I tried making my own high contrast negative and it doesn't work because of the grain on the transparencies for the ink-jet printer.


----------



## Alpha (Dec 8, 2007)

I mean make a real high-contrast negative. Make normal print of the shot (if the negs are soft, perhaps a grade 3), then contact print that onto LF film. An orthochromatic copy film would be good for this, as they tend to be slow and you can work with it under safelight. I'd recommend something like the Arista APHS half-tone. You could also try Adox/Efke ORT25/PL25. They're all available from Freestyle Photographic, and aren't very expensive. 25 sheets of the 8x10 APHS will only set you back $18.

Edit: I should add, in case you didn't know, that it has to be a red safelight. An amber one will fog the film.


----------



## KMac (Dec 10, 2007)

Go here http://www.alternativephotography.com/process_liquidlight.html and check out point number 2. I have never tried liquid light but the description looks like it would be helpful.

Good luck,
Kevin


----------



## Sw1tchFX (Dec 10, 2007)

you're working with negatives, which I would guess you've been using enlargers and making real B&W prints. 

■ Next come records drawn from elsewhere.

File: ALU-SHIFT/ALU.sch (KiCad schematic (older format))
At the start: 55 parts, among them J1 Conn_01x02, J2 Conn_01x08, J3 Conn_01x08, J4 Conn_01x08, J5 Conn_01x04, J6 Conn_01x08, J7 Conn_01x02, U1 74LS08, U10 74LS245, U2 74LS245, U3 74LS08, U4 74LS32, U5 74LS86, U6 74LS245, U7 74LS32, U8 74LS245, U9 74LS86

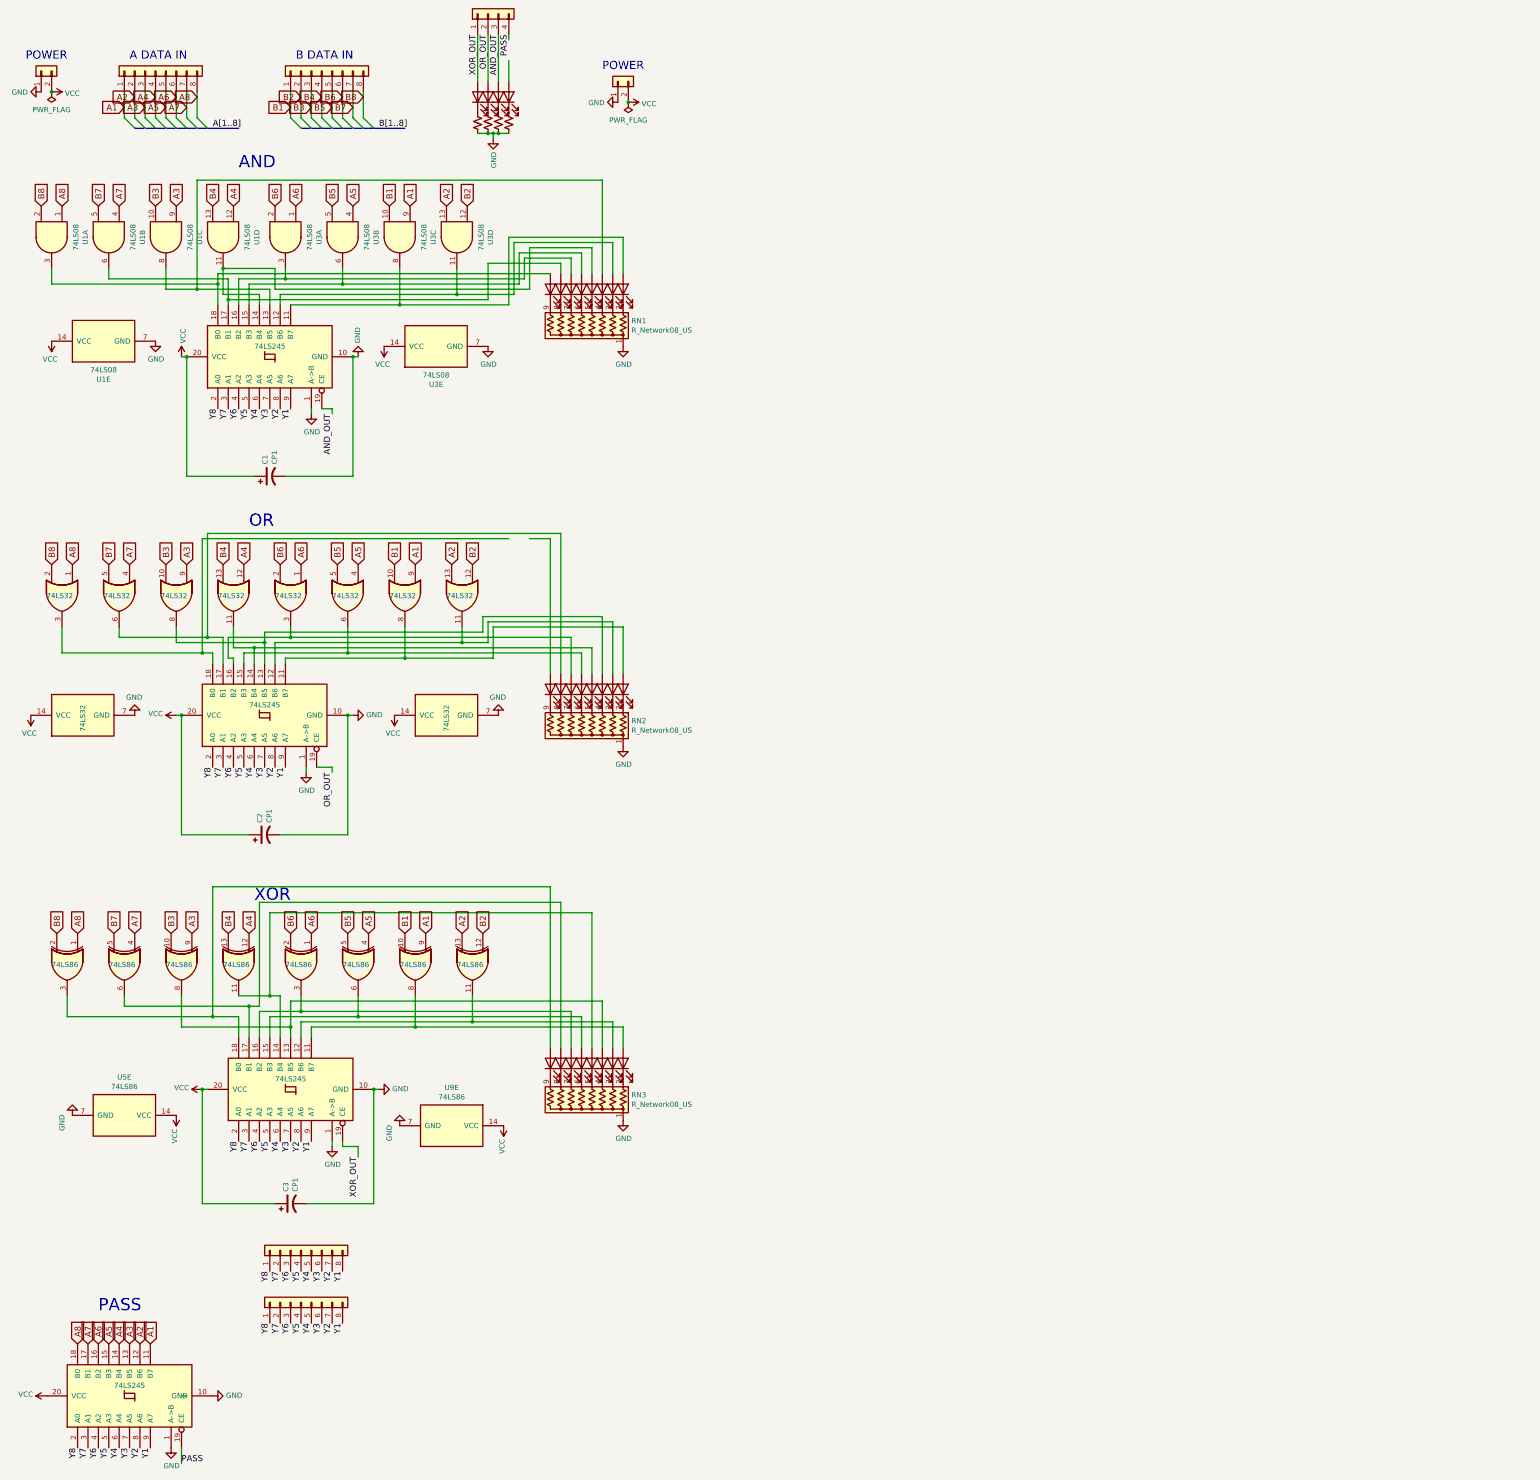
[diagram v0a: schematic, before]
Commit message: BiDirectional Shift Register component
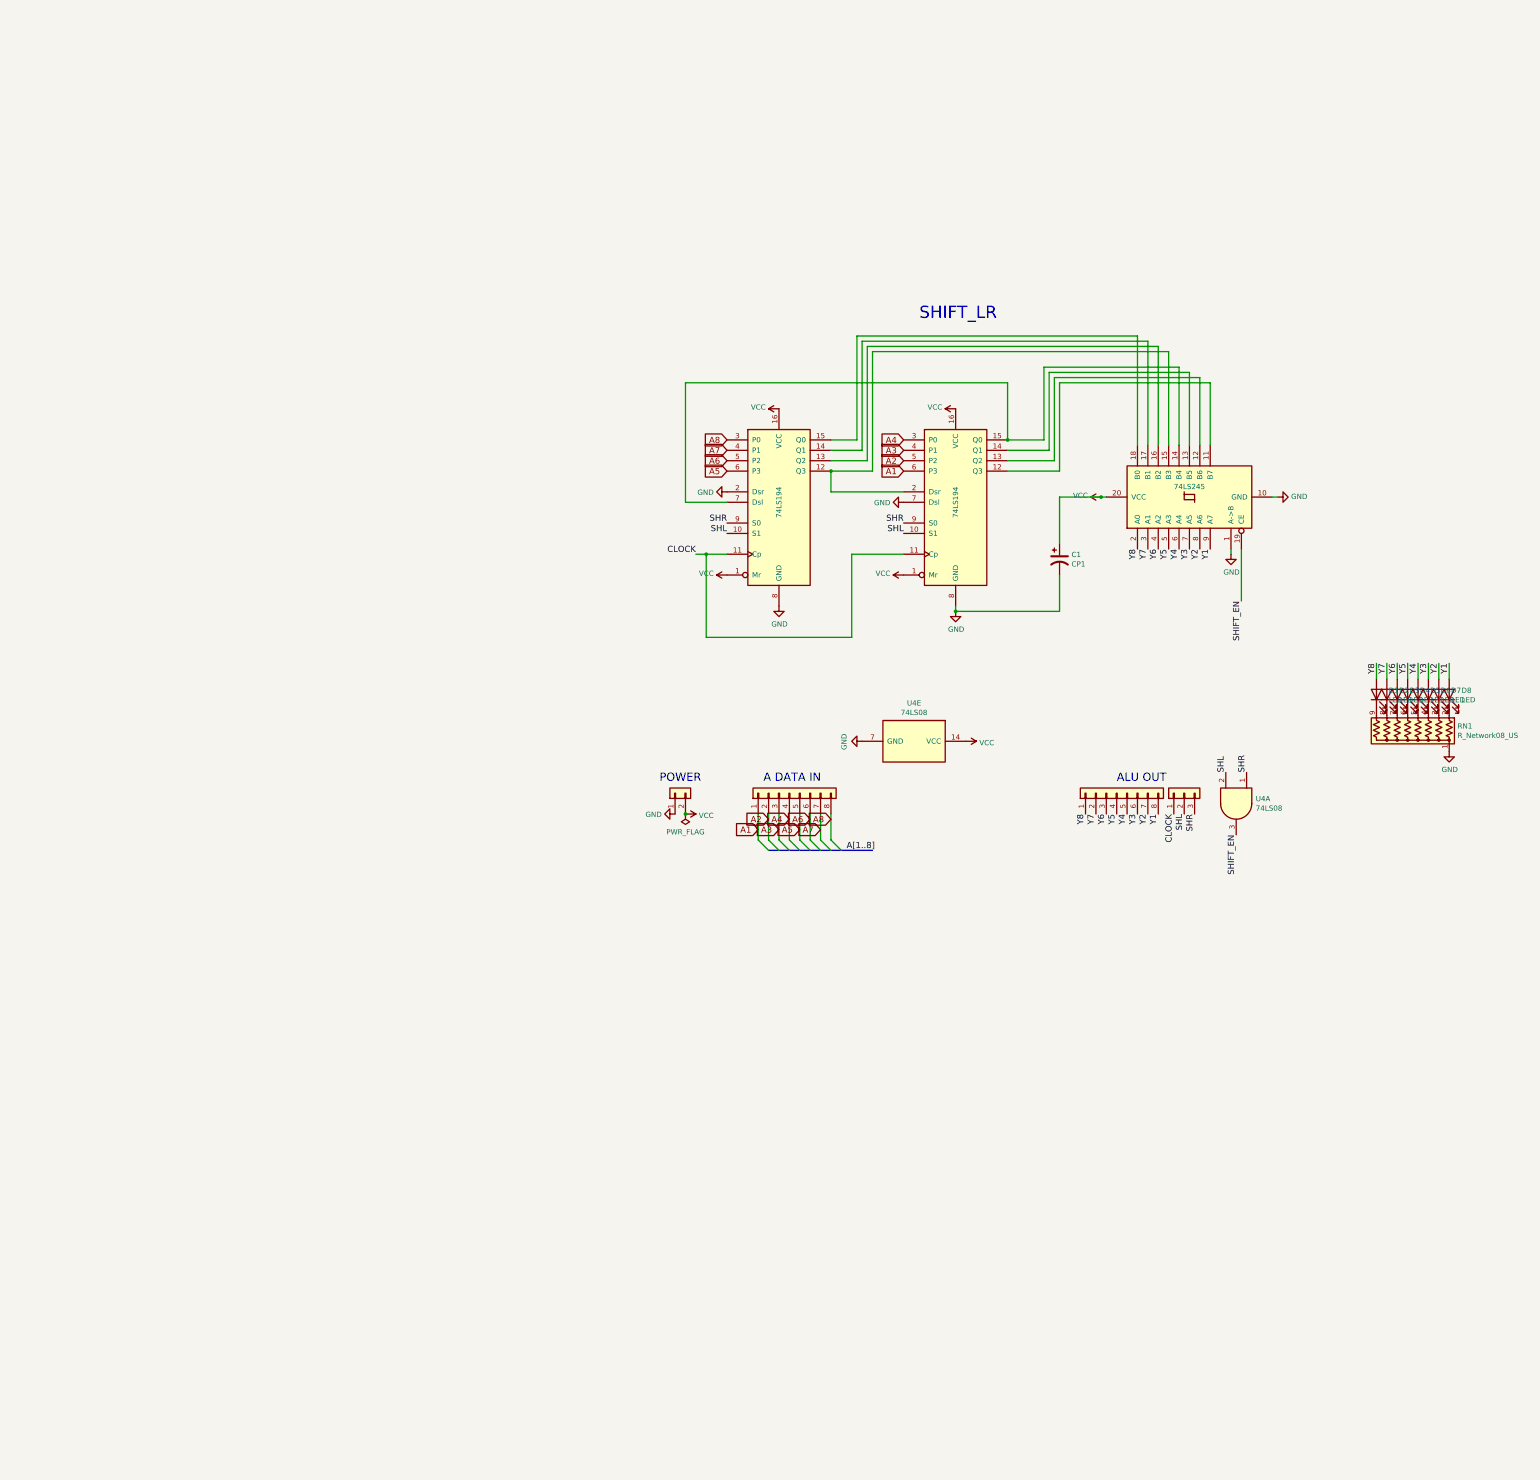
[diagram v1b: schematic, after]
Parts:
- removed C2, C3: CP1, Capacitor_THT:C_Radial_D6.3mm_H11.0mm_P2.50mm, symbol Device:CP1
- removed D10, D11, D12, D13, D14, D15, D16, D17, D18, D19, D20, D21, D22, D23, D24, D25, D26, D27, D28, D9: LED, LED_THT:LED_D5.0mm, symbol Device:LED
- removed J4, J6: Conn_01x08, Connector_PinHeader_2.54mm:PinHeader_1x08_P2.54mm_Vertical, symbol Connector_Generic:Conn_01x08
- removed J5: Conn_01x04, Connector_PinHeader_2.54mm:PinHeader_1x04_P2.54mm_Vertical, symbol Connector_Generic:Conn_01x04
- removed J7: Conn_01x02, Connector_PinHeader_2.54mm:PinHeader_1x02_P2.54mm_Vertical, symbol Connector_Generic:Conn_01x02
- removed R1, R2, R3, R4: R_Small_US, Resistor_THT:R_Axial_DIN0207_L6.3mm_D2.5mm_P10.16mm_Horizontal, symbol Device:R_Small_US
- removed RN2, RN3: R_Network08_US, Resistor_THT:R_Array_SIP9, symbol Device:R_Network08_US
- removed U1, U3: 74LS08, Package_DIP:DIP-14_W7.62mm, symbol 74xx:74LS08
- removed U10, U2, U6, U8: 74LS245, Package_DIP:DIP-20_W7.62mm, symbol 74xx:74LS245
- removed U4, U7: 74LS32, Package_DIP:DIP-14_W7.62mm, symbol 74xx:74LS32
- removed U5, U9: 74LS86, Package_DIP:DIP-14_W7.62mm, symbol 74xx:74LS86
- added J4: Conn_01x03, Connector_PinHeader_2.54mm:PinHeader_1x03_P2.54mm_Vertical, symbol Connector_Generic:Conn_01x03
- added U1, U2: 74LS194, Package_DIP:DIP-16_W7.62mm, symbol 74xx:74LS194
- added U3: 74LS245, Package_DIP:DIP-20_W7.62mm, symbol 74xx:74LS245
- added U4: 74LS08, Package_DIP:DIP-14_W7.62mm, symbol 74xx:74LS08
- D1, D2, D3, D4, D5, D6, D7, D8: footprint LED_THT:LED_D5.0mm -> LED_THT:LED_D3.0mm
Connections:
- net labels added: CLOCK, SHIFT_EN, SHL, SHR
- net labels removed: AND_OUT, B1, B2, B3, B4, B5, B6, B7, B8, B[1..8], OR_OUT, PASS, XOR_OUT
- wire segments 212 -> 69
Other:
- note added: "ALU OUT"
- note added: "SHIFT_LR"
- note removed: "AND"
- note removed: "B DATA IN"
- note removed: "OR"
- note removed: "PASS"
- note removed: "XOR"

Why don't you use contrast filters?


----------



## Alpha (Dec 10, 2007)

A grade 5 perhaps, if available.


----------



## itakepictures (Dec 11, 2007)

KMac said:


> Go here http://www.alternativephotography.com/process_liquidlight.html and check out point number 2. I have never tried liquid light but the description looks like it would be helpful.
> 
> Good luck,
> Kevin



thanks I tried it and it just beaded off the skateboards.  You can't use the contrast filters with liquid light.


----------



## Alpha (Dec 11, 2007)

Lith print it.


----------